> [Work request] All lines from the line containing "#121=DIRECTION('',(0.,1.,0.));" up to and including the last line of the entries must be written out exactly, with no others.

Data items:
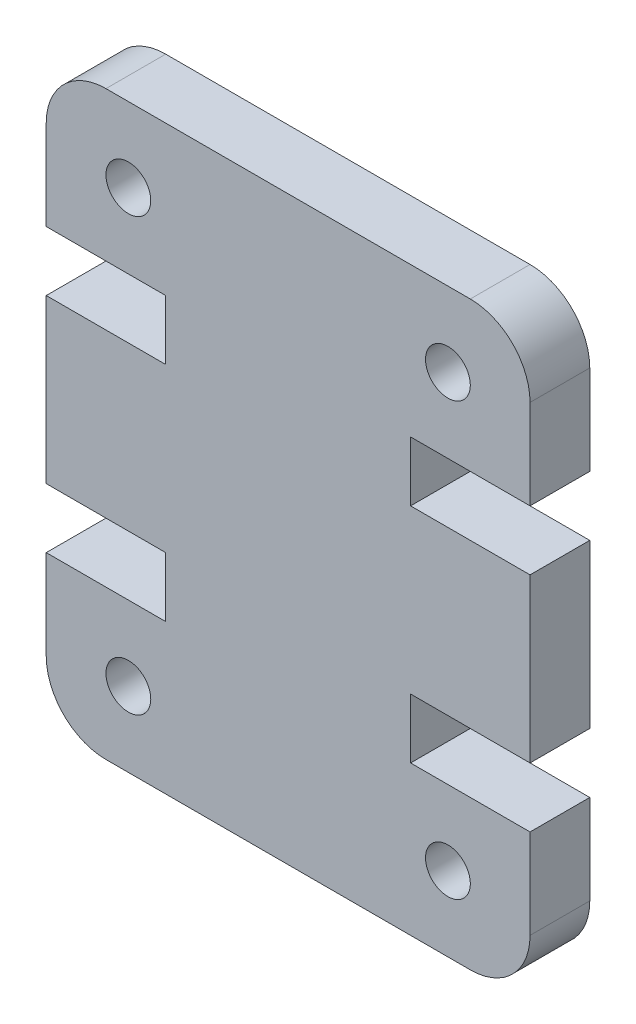
ISO-10303-21;
HEADER;
FILE_DESCRIPTION(('STEP AP214'),'2;1');
FILE_NAME('part.step','',(''),(''),'','','');
FILE_SCHEMA(('AUTOMOTIVE_DESIGN { 1 0 10303 214 1 1 1 1 }'));
ENDSEC;
DATA;
#1=APPLICATION_CONTEXT('core data for automotive mechanical design processes');
#2=APPLICATION_PROTOCOL_DEFINITION('international standard','automotive_design',2000,#1);
#3=PRODUCT_CONTEXT('',#1,'mechanical');
#4=PRODUCT('Part','Part','',(#3));
#5=PRODUCT_RELATED_PRODUCT_CATEGORY('part','',(#4));
#6=PRODUCT_DEFINITION_FORMATION('','',#4);
#7=PRODUCT_DEFINITION_CONTEXT('part definition',#1,'design');
#8=PRODUCT_DEFINITION('design','',#6,#7);
#9=PRODUCT_DEFINITION_SHAPE('','',#8);
#10=(LENGTH_UNIT() NAMED_UNIT(*) SI_UNIT(.MILLI.,.METRE.));
#11=(NAMED_UNIT(*) PLANE_ANGLE_UNIT() SI_UNIT($,.RADIAN.));
#12=(NAMED_UNIT(*) SI_UNIT($,.STERADIAN.) SOLID_ANGLE_UNIT());
#13=UNCERTAINTY_MEASURE_WITH_UNIT(LENGTH_MEASURE(1.E-05),#10,'distance_accuracy_value','');
#14=(GEOMETRIC_REPRESENTATION_CONTEXT(3) GLOBAL_UNCERTAINTY_ASSIGNED_CONTEXT((#13)) GLOBAL_UNIT_ASSIGNED_CONTEXT((#10,
#11,#12)) REPRESENTATION_CONTEXT('',''));
#15=CARTESIAN_POINT('',(0.,0.,0.));
#16=DIRECTION('',(0.,0.,1.));
#17=DIRECTION('',(1.,0.,0.));
#18=AXIS2_PLACEMENT_3D('',#15,#16,#17);
#19=CARTESIAN_POINT('',(14.1999999999999,2.00000000000013,2.));
#20=DIRECTION('',(0.,0.,-1.));
#21=DIRECTION('',(-1.,0.,0.));
#22=AXIS2_PLACEMENT_3D('',#19,#20,#21);
#23=PLANE('',#22);
#24=CARTESIAN_POINT('',(2.75000000000449,16.9549999999999,2.));
#25=DIRECTION('',(0.,0.,1.));
#26=DIRECTION('',(-1.,0.,0.));
#27=AXIS2_PLACEMENT_3D('',#24,#25,#26);
#28=CIRCLE('',#27,0.75);
#29=CARTESIAN_POINT('',(2.00000000000449,16.9549999999999,2.));
#30=VERTEX_POINT('',#29);
#31=EDGE_CURVE('E448',#30,#30,#28,.T.);
#32=ORIENTED_EDGE('',*,*,#31,.F.);
#33=EDGE_LOOP('',(#32));
#34=FACE_BOUND('',#33,.T.);
#35=CARTESIAN_POINT('',(13.4499999999955,2.50000000000005,2.));
#36=DIRECTION('',(0.,0.,1.));
#37=DIRECTION('',(-1.,0.,0.));
#38=AXIS2_PLACEMENT_3D('',#35,#36,#37);
#39=CIRCLE('',#38,0.750000000000006);
#40=CARTESIAN_POINT('',(12.6999999999955,2.50000000000005,2.));
#41=VERTEX_POINT('',#40);
#42=EDGE_CURVE('E230',#41,#41,#39,.T.);
#43=ORIENTED_EDGE('',*,*,#42,.F.);
#44=EDGE_LOOP('',(#43));
#45=FACE_BOUND('',#44,.T.);
#46=CARTESIAN_POINT('',(14.1999999999999,2.00000000000013,2.));
#47=DIRECTION('',(0.,0.,1.));
#48=DIRECTION('',(-1.,0.,0.));
#49=AXIS2_PLACEMENT_3D('',#46,#47,#48);
#50=CIRCLE('',#49,2.00000000000013);
#51=CARTESIAN_POINT('',(14.1999999999999,0.,2.));
#52=VERTEX_POINT('',#51);
#53=CARTESIAN_POINT('',(16.2,2.00000000000013,2.));
#54=VERTEX_POINT('',#53);
#55=EDGE_CURVE('E273',#52,#54,#50,.T.);
#56=ORIENTED_EDGE('',*,*,#55,.T.);
#57=DIRECTION('',(0.,1.,0.));
#58=VECTOR('',#57,1.);
#59=CARTESIAN_POINT('',(16.2,5.00000000000021,2.));
#60=LINE('',#59,#58);
#61=CARTESIAN_POINT('',(16.2,5.00000000000021,2.));
#62=VERTEX_POINT('',#61);
#63=EDGE_CURVE('E141',#54,#62,#60,.T.);
#64=ORIENTED_EDGE('',*,*,#63,.T.);
#65=DIRECTION('',(-1.,0.,0.));
#66=VECTOR('',#65,1.);
#67=CARTESIAN_POINT('',(12.1999999999997,5.00000000000021,2.));
#68=LINE('',#67,#66);
#69=CARTESIAN_POINT('',(12.1999999999997,5.00000000000021,2.));
#70=VERTEX_POINT('',#69);
#71=EDGE_CURVE('E336',#62,#70,#68,.T.);
#72=ORIENTED_EDGE('',*,*,#71,.T.);
#73=DIRECTION('',(0.,1.,0.));
#74=VECTOR('',#73,1.);
#75=CARTESIAN_POINT('',(12.1999999999997,7.00000000000034,2.));
#76=LINE('',#75,#74);
#77=CARTESIAN_POINT('',(12.1999999999997,7.00000000000034,2.));
#78=VERTEX_POINT('',#77);
#79=EDGE_CURVE('E355',#70,#78,#76,.T.);
#80=ORIENTED_EDGE('',*,*,#79,.T.);
#81=DIRECTION('',(1.,0.,0.));
#82=VECTOR('',#81,1.);
#83=CARTESIAN_POINT('',(16.2,7.00000000000034,2.));
#84=LINE('',#83,#82);
#85=CARTESIAN_POINT('',(16.2,7.00000000000034,2.));
#86=VERTEX_POINT('',#85);
#87=EDGE_CURVE('E352',#78,#86,#84,.T.);
#88=ORIENTED_EDGE('',*,*,#87,.T.);
#89=DIRECTION('',(0.,1.,0.));
#90=VECTOR('',#89,1.);
#91=CARTESIAN_POINT('',(16.2,7.00000000000034,2.));
#92=LINE('',#91,#90);
#93=CARTESIAN_POINT('',(16.2,12.4549999999997,2.));
#94=VERTEX_POINT('',#93);
#95=EDGE_CURVE('E354',#86,#94,#92,.T.);
#96=ORIENTED_EDGE('',*,*,#95,.T.);
#97=DIRECTION('',(-1.,0.,0.));
#98=VECTOR('',#97,1.);
#99=CARTESIAN_POINT('',(16.2,12.4549999999997,2.));
#100=LINE('',#99,#98);
#101=CARTESIAN_POINT('',(12.1999999999997,12.4549999999997,2.));
#102=VERTEX_POINT('',#101);
#103=EDGE_CURVE('E357',#94,#102,#100,.T.);
#104=ORIENTED_EDGE('',*,*,#103,.T.);
#105=DIRECTION('',(0.,1.,0.));
#106=VECTOR('',#105,1.);
#107=CARTESIAN_POINT('',(12.1999999999997,12.4549999999997,2.));
#108=LINE('',#107,#106);
#109=CARTESIAN_POINT('',(12.1999999999997,14.4549999999998,2.));
#110=VERTEX_POINT('',#109);
#111=EDGE_CURVE('E363',#102,#110,#108,.T.);
#112=ORIENTED_EDGE('',*,*,#111,.T.);
#113=DIRECTION('',(1.,0.,0.));
#114=VECTOR('',#113,1.);
#115=CARTESIAN_POINT('',(12.1999999999997,14.4549999999998,2.));
#116=LINE('',#115,#114);
#117=CARTESIAN_POINT('',(16.2,14.4549999999998,2.));
#118=VERTEX_POINT('',#117);
#119=EDGE_CURVE('E365',#110,#118,#116,.T.);
#120=ORIENTED_EDGE('',*,*,#119,.T.);
#121=DIRECTION('',(0.,1.,0.));
#122=VECTOR('',#121,1.);
#123=CARTESIAN_POINT('',(16.2,14.4549999999998,2.));
#124=LINE('',#123,#122);
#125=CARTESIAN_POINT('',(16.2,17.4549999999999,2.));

> [Output of the exercise]
#121=DIRECTION('',(0.,1.,0.));
#122=VECTOR('',#121,1.);
#123=CARTESIAN_POINT('',(16.2,14.4549999999998,2.));
#124=LINE('',#123,#122);
#125=CARTESIAN_POINT('',(16.2,17.4549999999999,2.));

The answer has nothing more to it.